# Ruger GP100 in .327 Magnum



## EliWolfe (Nov 20, 2010)

Forgive me if this is a rehash, I am a newbie here. What are your thoughts and/or experience with this combination? Saw it hyped up pretty good in a gun mag I believe it was. Do you think the .327 is a keeper round? I remember the hubbub over the .357 Sig, (won't ever last, an answer to a problem that doesn't exist...etc.) We all know how that came out as that cartridge has indeed caught on. I actually got myself a Sig 239 chambered in that round and it ran like a sewing machine. Anyway, this is revolver country so back on point. If this thread is already out there send me the link ok?
Regards, Eli


----------



## Bisley (Aug 24, 2008)

The only person I know who bought one, likes it. 

While I am in basic agreement with those who say there was no need for it, because the .357 magnum can be loaded with anything from light .38 Specials to super-hot hunting rounds, I also think there might be a niche for it, in a snub-nosed personal defense revolver. You could carry six SD rounds, without giving up much in likely effectiveness to the .357, and probably very much better than the .38 Special with +P ammo.

My main concern would be the noise, and ammo expense. The .327 magnum is basically the same thing as the old .32-20 rifle cartridge, and my experience with shooting fairly hot rifle rounds through a pistol is that they have an ear-piercing discharge, as opposed to just the big boom from a large caliber handgun. 

Also, whereas you can find cheap .38 ammo to practice with, none of the .32 caliber ammo that can be fired through the .327 magnum is cheap.


----------



## DanP_from_AZ (May 8, 2009)

EliWolfe said:


> Forgive me if this is a rehash, I am a newbie here. What are your thoughts and/or experience with this combination? Saw it hyped up pretty good in a gun mag I believe it was. Do you think the .327 is a keeper round? . . .


Hi Eli !
I have no experience or expertise with the .327.

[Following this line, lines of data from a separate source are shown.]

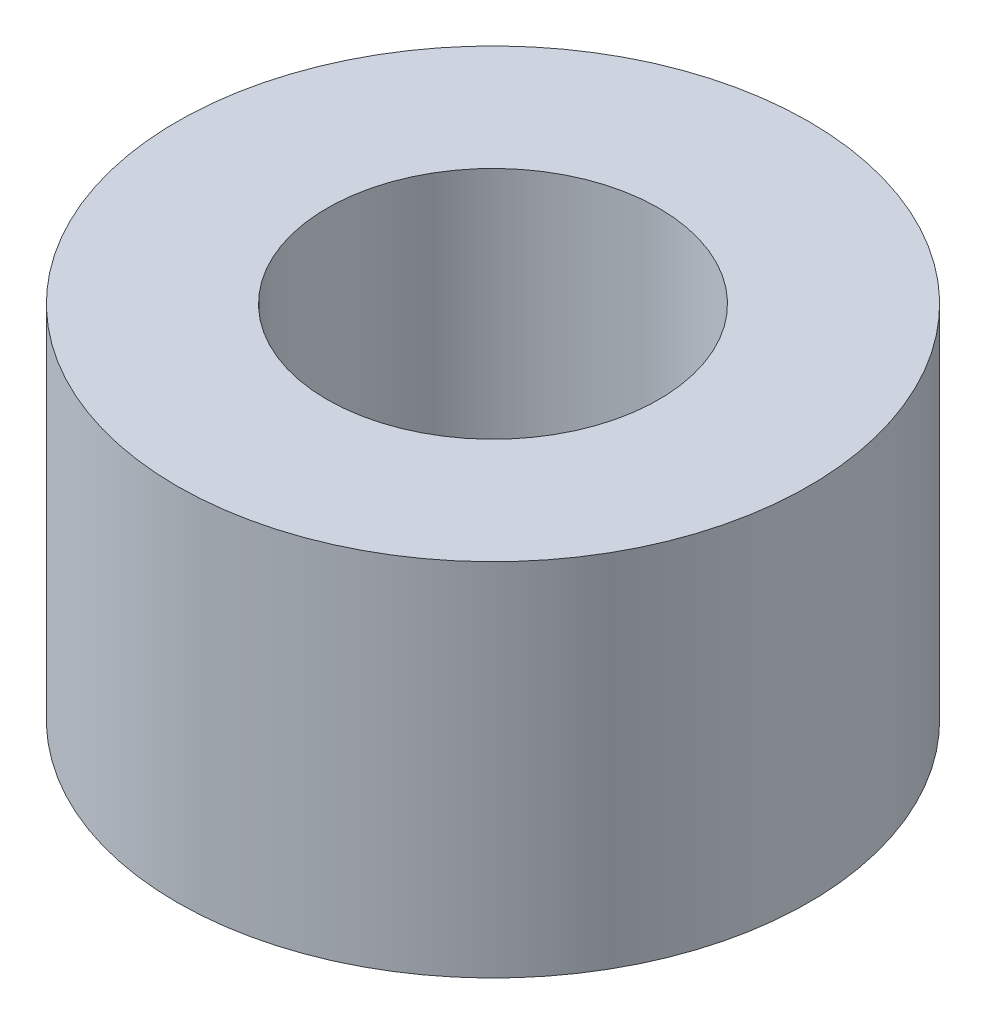
SolidWorks part; units mm, degrees
material "6061-T6 (SS)"
ref_plane "Front Plane" through (0, 0, 0) normal (0, 0, 1) x (1, 0, 0)
ref_plane "Top Plane" through (0, 0, 0) normal (0, 1, 0) x (1, 0, 0)
ref_plane "Right Plane" through (0, 0, 0) normal (1, 0, 0) x (0, 0, -1)
sketch "Sketch1" plane through (0, 0, 0) normal (0, 1, 0) x (1, 0, 0)
  circle A0 centre (0, 0) radius 3.81
  circle A1 centre (0, 0) radius 5.5626
  dimension "D1" = 7.62
  dimension "D2" = 11.1252
extrude "Boss-Extrude1" add sketch "Sketch1" along normal blind 6.35 contours A1
sketch "Sketch2" plane through (0, 0, 0) normal (0, -1, 0) x (1, 0, 0)
  circle A0 centre (0, 0) radius 2.921
  dimension "D1" = 5.842
extrude "Cut-Extrude1" cut sketch "Sketch2" against normal blind 6.35

Last year when I updated my CCW with an instructor I REALLY trust, I asked him about the .327.

His answer was "why ?"
"It makes no real sense other than marketing hype". "Go ahead and get one if you want".
"It's the answer to the question no one asked". "So, I'll ask".
"What is wrong with .38 Special ?" "What is wrong with .357 Magnum ?"

So I replied, uh no, I think I get what you are driving at. 
I bought a S&W 642 snubby (.38 Special) and put CT laser grips on it.
I've put several hundred rounds through it.
Anybody checked on the price/availability of .327 Federal ammo lately ? :smt1099


----------



## EliWolfe (Nov 20, 2010)

DanP_from_AZ said:


> Hi Eli !
> 
> Anybody checked on the price/availability of .327 Federal ammo lately ? :smt1099


Roger that! The cartridge will probably be around since Ruger, Federal, and even [email protected] have mucho bucks in the thing and they will be spreading the hype. The big deal is supposed to be same power as a .357 with less recoil. But your buddy (and you) are right.
.38+P or .357 loads are everywhere!
Eli


----------